Let it be a sequence of $N$ elements that can be ordered. At each draw, all elements from the sequence are shuffled. Example with $N = 8$:

$draw_1 = (e_4, e_3, e_0, e_6, e_1, e_7, e_2, e_5)\\ draw_2 = (e_7, e_2, e_0, e_1, e_8, e_3, e_6, e_4)\\ draw_3 = (e_4, e_0, e_3, e_2, e_6, e_5, e_7, e_1)\\ ...$

Within a sequence, elements can be pairwise compared. Since there are $N!$ different orderings, each draw has an entropy of $log_2(N!)$ bits.
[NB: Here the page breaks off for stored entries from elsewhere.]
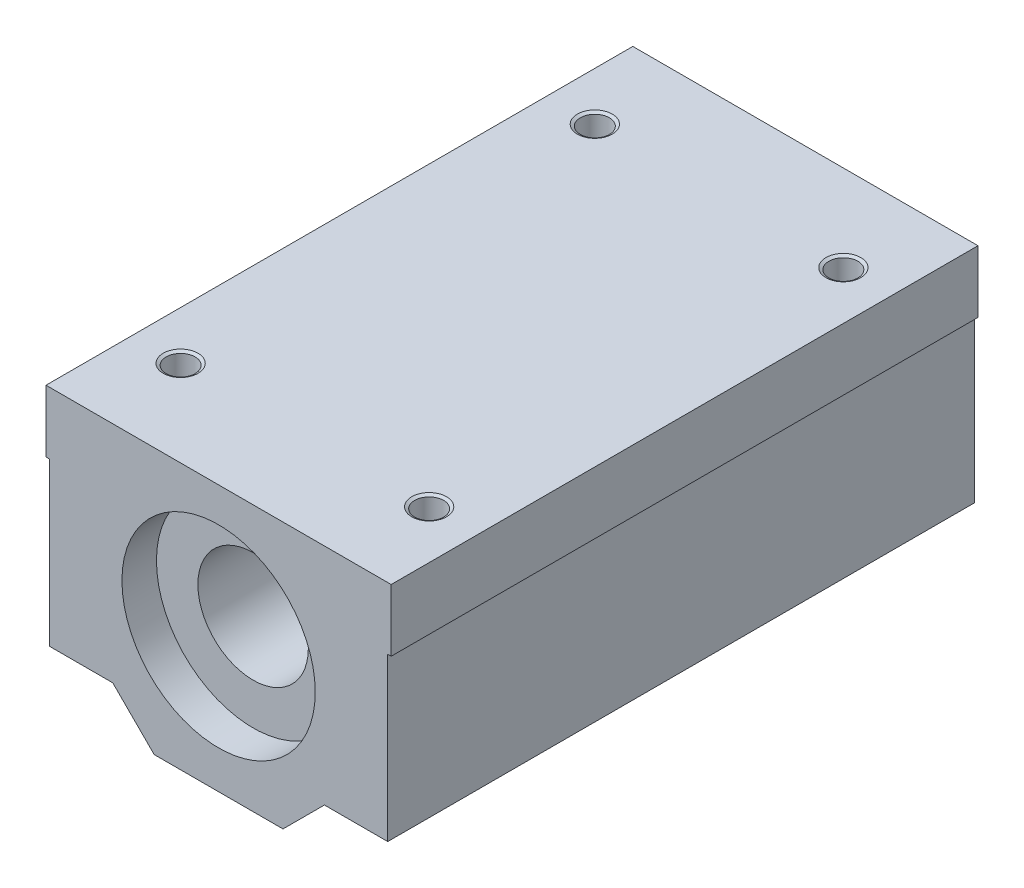
ISO-10303-21;
HEADER;
FILE_DESCRIPTION(('STEP AP214'),'2;1');
FILE_NAME('part.step','',(''),(''),'','','');
FILE_SCHEMA(('AUTOMOTIVE_DESIGN { 1 0 10303 214 1 1 1 1 }'));
ENDSEC;
DATA;
#1=APPLICATION_CONTEXT('core data for automotive mechanical design processes');
#2=APPLICATION_PROTOCOL_DEFINITION('international standard','automotive_design',2000,#1);
#3=PRODUCT_CONTEXT('',#1,'mechanical');
#4=PRODUCT('Part','Part','',(#3));
#5=PRODUCT_RELATED_PRODUCT_CATEGORY('part','',(#4));
#6=PRODUCT_DEFINITION_FORMATION('','',#4);
#7=PRODUCT_DEFINITION_CONTEXT('part definition',#1,'design');
#8=PRODUCT_DEFINITION('design','',#6,#7);
#9=PRODUCT_DEFINITION_SHAPE('','',#8);
#10=(LENGTH_UNIT() NAMED_UNIT(*) SI_UNIT(.MILLI.,.METRE.));
#11=(NAMED_UNIT(*) PLANE_ANGLE_UNIT() SI_UNIT($,.RADIAN.));
#12=(NAMED_UNIT(*) SI_UNIT($,.STERADIAN.) SOLID_ANGLE_UNIT());
#13=UNCERTAINTY_MEASURE_WITH_UNIT(LENGTH_MEASURE(1.E-05),#10,'distance_accuracy_value','');
#14=(GEOMETRIC_REPRESENTATION_CONTEXT(3) GLOBAL_UNCERTAINTY_ASSIGNED_CONTEXT((#13)) GLOBAL_UNIT_ASSIGNED_CONTEXT((#10,
#11,#12)) REPRESENTATION_CONTEXT('',''));
#15=CARTESIAN_POINT('',(0.,0.,0.));
#16=DIRECTION('',(0.,0.,1.));
#17=DIRECTION('',(1.,0.,0.));
#18=AXIS2_PLACEMENT_3D('',#15,#16,#17);
#19=CARTESIAN_POINT('',(0.,0.,85.));
#20=DIRECTION('',(0.,0.,-1.));
#21=DIRECTION('',(-1.,0.,0.));
#22=AXIS2_PLACEMENT_3D('',#19,#20,#21);
#23=CYLINDRICAL_SURFACE('',#22,8.);
#24=CARTESIAN_POINT('',(0.,0.,5.));
#25=DIRECTION('',(0.,0.,-1.));
#26=DIRECTION('',(-1.,0.,0.));
#27=AXIS2_PLACEMENT_3D('',#24,#25,#26);
#28=CIRCLE('',#27,8.);
#29=CARTESIAN_POINT('',(-8.,0.,5.));
#30=VERTEX_POINT('',#29);
#31=EDGE_CURVE('E227',#30,#30,#28,.T.);
#32=ORIENTED_EDGE('',*,*,#31,.T.);
#33=EDGE_LOOP('',(#32));
#34=FACE_BOUND('',#33,.T.);
#35=CARTESIAN_POINT('',(0.,0.,80.));
#36=DIRECTION('',(0.,0.,1.));
#37=DIRECTION('',(1.,0.,0.));
#38=AXIS2_PLACEMENT_3D('',#35,#36,#37);
#39=CIRCLE('',#38,8.);
#40=CARTESIAN_POINT('',(8.,0.,80.));
#41=VERTEX_POINT('',#40);
#42=EDGE_CURVE('E42',#41,#41,#39,.T.);
#43=ORIENTED_EDGE('',*,*,#42,.T.);
#44=EDGE_LOOP('',(#43));
#45=FACE_BOUND('',#44,.T.);
#46=ADVANCED_FACE('F38',(#34,#45),#23,.F.);
#47=CARTESIAN_POINT('',(-18.,19.,12.5));
#48=DIRECTION('',(0.,1.,0.));
#49=DIRECTION('',(0.,0.,1.));
#50=AXIS2_PLACEMENT_3D('',#47,#48,#49);
#51=CYLINDRICAL_SURFACE('',#50,2.1);
#52=CARTESIAN_POINT('',(-18.,18.7546261355944,12.5));
#53=DIRECTION('',(0.,1.,0.));
#54=DIRECTION('',(0.,0.,1.));
#55=AXIS2_PLACEMENT_3D('',#52,#53,#54);
#56=CIRCLE('',#55,2.1);
#57=CARTESIAN_POINT('',(-18.,18.7546261355944,14.6));
#58=VERTEX_POINT('',#57);
#59=EDGE_CURVE('E165',#58,#58,#56,.T.);
#60=ORIENTED_EDGE('',*,*,#59,.T.);
#61=EDGE_LOOP('',(#60));
#62=FACE_BOUND('',#61,.T.);
#63=CARTESIAN_POINT('',(-18.,10.5,12.5));
#64=DIRECTION('',(0.,-1.,0.));
#65=DIRECTION('',(0.,0.,-1.));
#66=AXIS2_PLACEMENT_3D('',#63,#64,#65);
#67=CIRCLE('',#66,2.1);
#68=CARTESIAN_POINT('',(-18.,10.5,10.4));
#69=VERTEX_POINT('',#68);
#70=EDGE_CURVE('E223',#69,#69,#67,.F.);
#71=ORIENTED_EDGE('',*,*,#70,.F.);
#72=EDGE_LOOP('',(#71));
#73=FACE_BOUND('',#72,.T.);
#74=ADVANCED_FACE('F329',(#62,#73),#51,.F.);
#75=CARTESIAN_POINT('',(18.,19.,12.5));
#76=DIRECTION('',(0.,1.,0.));
#77=DIRECTION('',(0.,0.,1.));
#78=AXIS2_PLACEMENT_3D('',#75,#76,#77);
#79=CYLINDRICAL_SURFACE('',#78,2.1);
#80=CARTESIAN_POINT('',(18.,18.7546261355944,12.5));
#81=DIRECTION('',(0.,1.,0.));
#82=DIRECTION('',(0.,0.,1.));
#83=AXIS2_PLACEMENT_3D('',#80,#81,#82);
#84=CIRCLE('',#83,2.1);
#85=CARTESIAN_POINT('',(18.,18.7546261355944,14.6));
#86=VERTEX_POINT('',#85);
#87=EDGE_CURVE('E262',#86,#86,#84,.T.);
#88=ORIENTED_EDGE('',*,*,#87,.T.);
#89=EDGE_LOOP('',(#88));
#90=FACE_BOUND('',#89,.T.);
#91=CARTESIAN_POINT('',(18.,10.5,12.5));
#92=DIRECTION('',(0.,-1.,0.));
#93=DIRECTION('',(0.,0.,-1.));
#94=AXIS2_PLACEMENT_3D('',#91,#92,#93);
#95=CIRCLE('',#94,2.1);
#96=CARTESIAN_POINT('',(18.,10.5,10.4));
#97=VERTEX_POINT('',#96);
#98=EDGE_CURVE('E218',#97,#97,#95,.F.);
#99=ORIENTED_EDGE('',*,*,#98,.F.);
#100=EDGE_LOOP('',(#99));
#101=FACE_BOUND('',#100,.T.);
#102=ADVANCED_FACE('F334',(#90,#101),#79,.F.);
#103=CARTESIAN_POINT('',(18.,19.,72.5));
#104=DIRECTION('',(0.,1.,0.));
#105=DIRECTION('',(0.,0.,1.));
#106=AXIS2_PLACEMENT_3D('',#103,#104,#105);
#107=CYLINDRICAL_SURFACE('',#106,2.1);
#108=CARTESIAN_POINT('',(18.,18.7546261355944,72.5));
#109=DIRECTION('',(0.,1.,0.));
#110=DIRECTION('',(0.,0.,1.));
#111=AXIS2_PLACEMENT_3D('',#108,#109,#110);
#112=CIRCLE('',#111,2.1);
#113=CARTESIAN_POINT('',(18.,18.7546261355944,74.6));
#114=VERTEX_POINT('',#113);
#115=EDGE_CURVE('E268',#114,#114,#112,.T.);
#116=ORIENTED_EDGE('',*,*,#115,.T.);
#117=EDGE_LOOP('',(#116));
#118=FACE_BOUND('',#117,.T.);
#119=CARTESIAN_POINT('',(18.,10.5,72.5));
#120=DIRECTION('',(0.,-1.,0.));
#121=DIRECTION('',(0.,0.,-1.));
#122=AXIS2_PLACEMENT_3D('',#119,#120,#121);
#123=CIRCLE('',#122,2.1);
#124=CARTESIAN_POINT('',(18.,10.5,70.4));
#125=VERTEX_POINT('',#124);
#126=EDGE_CURVE('E213',#125,#125,#123,.F.);
#127=ORIENTED_EDGE('',*,*,#126,.F.);
#128=EDGE_LOOP('',(#127));
#129=FACE_BOUND('',#128,.T.);
#130=ADVANCED_FACE('F402',(#118,#129),#107,.F.);
#131=CARTESIAN_POINT('',(-18.,19.,72.5));
#132=DIRECTION('',(0.,1.,0.));
#133=DIRECTION('',(0.,0.,1.));
#134=AXIS2_PLACEMENT_3D('',#131,#132,#133);
#135=CYLINDRICAL_SURFACE('',#134,2.1);
#136=CARTESIAN_POINT('',(-18.,18.7546261355944,72.5));
#137=DIRECTION('',(0.,1.,0.));
#138=DIRECTION('',(0.,0.,1.));
#139=AXIS2_PLACEMENT_3D('',#136,#137,#138);
#140=CIRCLE('',#139,2.1);
#141=CARTESIAN_POINT('',(-18.,18.7546261355944,74.6));
#142=VERTEX_POINT('',#141);
#143=EDGE_CURVE('E274',#142,#142,#140,.T.);
#144=ORIENTED_EDGE('',*,*,#143,.T.);
#145=EDGE_LOOP('',(#144));
#146=FACE_BOUND('',#145,.T.);
#147=CARTESIAN_POINT('',(-18.,10.5,72.5));
#148=DIRECTION('',(0.,-1.,0.));
#149=DIRECTION('',(0.,0.,-1.));
#150=AXIS2_PLACEMENT_3D('',#147,#148,#149);
#151=CIRCLE('',#150,2.1);
#152=CARTESIAN_POINT('',(-18.,10.5,70.4));
#153=VERTEX_POINT('',#152);
#154=EDGE_CURVE('E208',#153,#153,#151,.F.);
#155=ORIENTED_EDGE('',*,*,#154,.F.);
#156=EDGE_LOOP('',(#155));
#157=FACE_BOUND('',#156,.T.);
#158=ADVANCED_FACE('F340',(#146,#157),#135,.F.);
#159=CARTESIAN_POINT('',(0.,-28.8296389995692,85.));
#160=DIRECTION('',(0.,0.,-1.));
#161=DIRECTION('',(-1.,0.,0.));
#162=AXIS2_PLACEMENT_3D('',#159,#160,#161);
#163=PLANE('',#162);
#164=CARTESIAN_POINT('',(0.,0.,85.));
#165=DIRECTION('',(0.,0.,1.));
#166=DIRECTION('',(1.,0.,0.));
#167=AXIS2_PLACEMENT_3D('',#164,#165,#166);
#168=CIRCLE('',#167,14.);
#169=CARTESIAN_POINT('',(14.,0.,85.));
#170=VERTEX_POINT('',#169);
#171=EDGE_CURVE('E243',#170,#170,#168,.T.);
#172=ORIENTED_EDGE('',*,*,#171,.F.);
#173=EDGE_LOOP('',(#172));
#174=FACE_BOUND('',#173,.T.);
#175=DIRECTION('',(0.707106781186546,-0.707106781186549,0.));
#176=VECTOR('',#175,1.);
#177=CARTESIAN_POINT('',(-15.3296389995691,-13.5,85.));
#178=LINE('',#177,#176);
#179=CARTESIAN_POINT('',(-15.3296389995691,-13.5,85.));
#180=VERTEX_POINT('',#179);
#181=CARTESIAN_POINT('',(-9.32963899956915,-19.5,85.));
#182=VERTEX_POINT('',#181);
#183=EDGE_CURVE('E184',#180,#182,#178,.T.);
#184=ORIENTED_EDGE('',*,*,#183,.T.);
#185=DIRECTION('',(1.,0.,0.));
#186=VECTOR('',#185,1.);
#187=CARTESIAN_POINT('',(9.32963899956915,-19.5,85.));
#188=LINE('',#187,#186);
#189=CARTESIAN_POINT('',(9.32963899956915,-19.5,85.));
#190=VERTEX_POINT('',#189);
#191=EDGE_CURVE('E112',#182,#190,#188,.T.);
#192=ORIENTED_EDGE('',*,*,#191,.T.);
#193=DIRECTION('',(0.707106781186546,0.707106781186549,0.));
#194=VECTOR('',#193,1.);
#195=CARTESIAN_POINT('',(15.3296389995691,-13.5,85.));
#196=LINE('',#195,#194);
#197=CARTESIAN_POINT('',(15.3296389995691,-13.5,85.));
#198=VERTEX_POINT('',#197);
#199=EDGE_CURVE('E284',#190,#198,#196,.T.);
#200=ORIENTED_EDGE('',*,*,#199,.T.);
#201=DIRECTION('',(1.,0.,0.));
#202=VECTOR('',#201,1.);
#203=CARTESIAN_POINT('',(24.5,-13.5,85.));
#204=LINE('',#203,#202);
#205=CARTESIAN_POINT('',(24.5,-13.5,85.));
#206=VERTEX_POINT('',#205);
#207=EDGE_CURVE('E286',#198,#206,#204,.T.);
#208=ORIENTED_EDGE('',*,*,#207,.T.);
#209=DIRECTION('',(0.,1.,0.));
#210=VECTOR('',#209,1.);
#211=CARTESIAN_POINT('',(24.5,10.,85.));
#212=LINE('',#211,#210);
#213=CARTESIAN_POINT('',(24.5,10.,85.));
#214=VERTEX_POINT('',#213);
#215=EDGE_CURVE('E288',#206,#214,#212,.T.);
#216=ORIENTED_EDGE('',*,*,#215,.T.);
#217=DIRECTION('',(1.,0.,0.));
#218=VECTOR('',#217,1.);
#219=CARTESIAN_POINT('',(25.,10.,85.));
#220=LINE('',#219,#218);
#221=CARTESIAN_POINT('',(25.,10.,85.));
#222=VERTEX_POINT('',#221);
#223=EDGE_CURVE('E290',#214,#222,#220,.T.);
#224=ORIENTED_EDGE('',*,*,#223,.T.);
#225=DIRECTION('',(0.,1.,0.));
#226=VECTOR('',#225,1.);
#227=CARTESIAN_POINT('',(25.,19.,85.));
#228=LINE('',#227,#226);
#229=CARTESIAN_POINT('',(25.,19.,85.));
#230=VERTEX_POINT('',#229);
#231=EDGE_CURVE('E292',#222,#230,#228,.T.);
#232=ORIENTED_EDGE('',*,*,#231,.T.);
#233=DIRECTION('',(-1.,0.,0.));
#234=VECTOR('',#233,1.);
#235=CARTESIAN_POINT('',(-25.,19.,85.));
#236=LINE('',#235,#234);
#237=CARTESIAN_POINT('',(-25.,19.,85.));
#238=VERTEX_POINT('',#237);
#239=EDGE_CURVE('E294',#230,#238,#236,.T.);
#240=ORIENTED_EDGE('',*,*,#239,.T.);
#241=DIRECTION('',(0.,-1.,0.));
#242=VECTOR('',#241,1.);
#243=CARTESIAN_POINT('',(-25.,19.,85.));
#244=LINE('',#243,#242);
#245=CARTESIAN_POINT('',(-25.,10.,85.));
#246=VERTEX_POINT('',#245);
#247=EDGE_CURVE('E143',#238,#246,#244,.T.);
#248=ORIENTED_EDGE('',*,*,#247,.T.);
#249=DIRECTION('',(1.,0.,0.));
#250=VECTOR('',#249,1.);
#251=CARTESIAN_POINT('',(-25.,10.,85.));
#252=LINE('',#251,#250);
#253=CARTESIAN_POINT('',(-24.5,10.,85.));
#254=VERTEX_POINT('',#253);
#255=EDGE_CURVE('E137',#246,#254,#252,.T.);
#256=ORIENTED_EDGE('',*,*,#255,.T.);
#257=DIRECTION('',(0.,-1.,0.));
#258=VECTOR('',#257,1.);
#259=CARTESIAN_POINT('',(-24.5,10.,85.));
#260=LINE('',#259,#258);
#261=CARTESIAN_POINT('',(-24.5,-13.5,85.));
#262=VERTEX_POINT('',#261);
#263=EDGE_CURVE('E141',#254,#262,#260,.T.);
#264=ORIENTED_EDGE('',*,*,#263,.T.);
#265=DIRECTION('',(1.,0.,0.));
#266=VECTOR('',#265,1.);
#267=CARTESIAN_POINT('',(-24.5,-13.5,85.));
#268=LINE('',#267,#266);
#269=EDGE_CURVE('E57',#262,#180,#268,.T.);
#270=ORIENTED_EDGE('',*,*,#269,.T.);
#271=EDGE_LOOP('',(#184,#192,#200,#208,#216,#224,#232,#240,#248,#256,#264,#270));
#272=FACE_BOUND('',#271,.T.);
#273=ADVANCED_FACE('F139',(#174,#272),#163,.F.);
#274=CARTESIAN_POINT('',(0.,-28.8296389995692,0.));
#275=DIRECTION('',(0.,0.,-1.));
#276=DIRECTION('',(-1.,0.,0.));
#277=AXIS2_PLACEMENT_3D('',#274,#275,#276);
#278=PLANE('',#277);
#279=CARTESIAN_POINT('',(0.,0.,0.));
#280=DIRECTION('',(0.,0.,-1.));
#281=DIRECTION('',(-1.,0.,0.));
#282=AXIS2_PLACEMENT_3D('',#279,#280,#281);
#283=CIRCLE('',#282,14.);
#284=CARTESIAN_POINT('',(-14.,0.,0.));
#285=VERTEX_POINT('',#284);
#286=EDGE_CURVE('E236',#285,#285,#283,.T.);
#287=ORIENTED_EDGE('',*,*,#286,.F.);
#288=EDGE_LOOP('',(#287));
#289=FACE_BOUND('',#288,.T.);
#290=DIRECTION('',(0.707106781186546,-0.707106781186549,0.));
#291=VECTOR('',#290,1.);
#292=CARTESIAN_POINT('',(-15.3296389995691,-13.5,0.));
#293=LINE('',#292,#291);
#294=CARTESIAN_POINT('',(-15.3296389995691,-13.5,0.));
#295=VERTEX_POINT('',#294);
#296=CARTESIAN_POINT('',(-9.32963899956915,-19.5,0.));
#297=VERTEX_POINT('',#296);
#298=EDGE_CURVE('E161',#295,#297,#293,.T.);
#299=ORIENTED_EDGE('',*,*,#298,.F.);
#300=DIRECTION('',(1.,0.,0.));
#301=VECTOR('',#300,1.);
#302=CARTESIAN_POINT('',(-24.5,-13.5,0.));
#303=LINE('',#302,#301);
#304=CARTESIAN_POINT('',(-24.5,-13.5,0.));
#305=VERTEX_POINT('',#304);
#306=EDGE_CURVE('E104',#305,#295,#303,.T.);
#307=ORIENTED_EDGE('',*,*,#306,.F.);
#308=DIRECTION('',(0.,-1.,0.));
#309=VECTOR('',#308,1.);
#310=CARTESIAN_POINT('',(-24.5,10.,0.));
#311=LINE('',#310,#309);
#312=CARTESIAN_POINT('',(-24.5,10.,0.));
#313=VERTEX_POINT('',#312);
#314=EDGE_CURVE('E98',#313,#305,#311,.T.);
#315=ORIENTED_EDGE('',*,*,#314,.F.);
#316=DIRECTION('',(1.,0.,0.));
#317=VECTOR('',#316,1.);
#318=CARTESIAN_POINT('',(-25.,10.,0.));
#319=LINE('',#318,#317);
#320=CARTESIAN_POINT('',(-25.,10.,0.));
#321=VERTEX_POINT('',#320);
#322=EDGE_CURVE('E151',#321,#313,#319,.T.);
#323=ORIENTED_EDGE('',*,*,#322,.F.);
#324=DIRECTION('',(0.,-1.,0.));
#325=VECTOR('',#324,1.);
#326=CARTESIAN_POINT('',(-25.,19.,0.));
#327=LINE('',#326,#325);
#328=CARTESIAN_POINT('',(-25.,19.,0.));
#329=VERTEX_POINT('',#328);
#330=EDGE_CURVE('E179',#329,#321,#327,.T.);
#331=ORIENTED_EDGE('',*,*,#330,.F.);
#332=DIRECTION('',(-1.,0.,0.));
#333=VECTOR('',#332,1.);
#334=CARTESIAN_POINT('',(-25.,19.,0.));
#335=LINE('',#334,#333);
#336=CARTESIAN_POINT('',(25.,19.,0.));
#337=VERTEX_POINT('',#336);
#338=EDGE_CURVE('E177',#337,#329,#335,.T.);
#339=ORIENTED_EDGE('',*,*,#338,.F.);
#340=DIRECTION('',(0.,1.,0.));
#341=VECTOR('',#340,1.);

Now, let's modify the system such that there is two sequences of $N/2$ elements. At each draw, elements are shuffled and half of them goes to the first sequence and the other half to the second sequence. Example with $N=8$:

$ draw_1 = \{(e_4, e_3, e_7, e_0), (e_2, e_1, e_5, e_6)\}\\ draw_2 = \{(e_6, e_3, e_1, e_7), (e_5, e_0, e_2, e_4)\}\\ draw_3 = \{(e_7, e_1, e_5, e_4), (e_0, e_6, e_2, e_3)\}\\ ... $

What is the Shannon entropy of such system if the elements can only be pairwise compared between the two sequence and not within the same sequence? For example, let's define the ordering as $e_n$ < $e_{n+1}$. In $draw1$, $e_4$ is compared to $e_2$, $e_1$, $e_5$ and $e_6$; $e_3$ is compared to $e_2$, $e_1$, $e_5$ and $e_6$ etc. We can use a bit sequence to describe the draw, for example $draw_1=$1100110011110000. I am looking for the entropy of such a sequence.

The full context of this question is described in this crypto.stackexchange question.

2

There are 2 best solutions below

6
On

Note: I made a logical error, and computed the entropy assuming all microstates were equally likely. Furthermore, I think the approximations I made are a bit too crude to be useful in the range where OP is interested. I leave this answer up since it has some useful ideas, even though it is incomplete and innacurate.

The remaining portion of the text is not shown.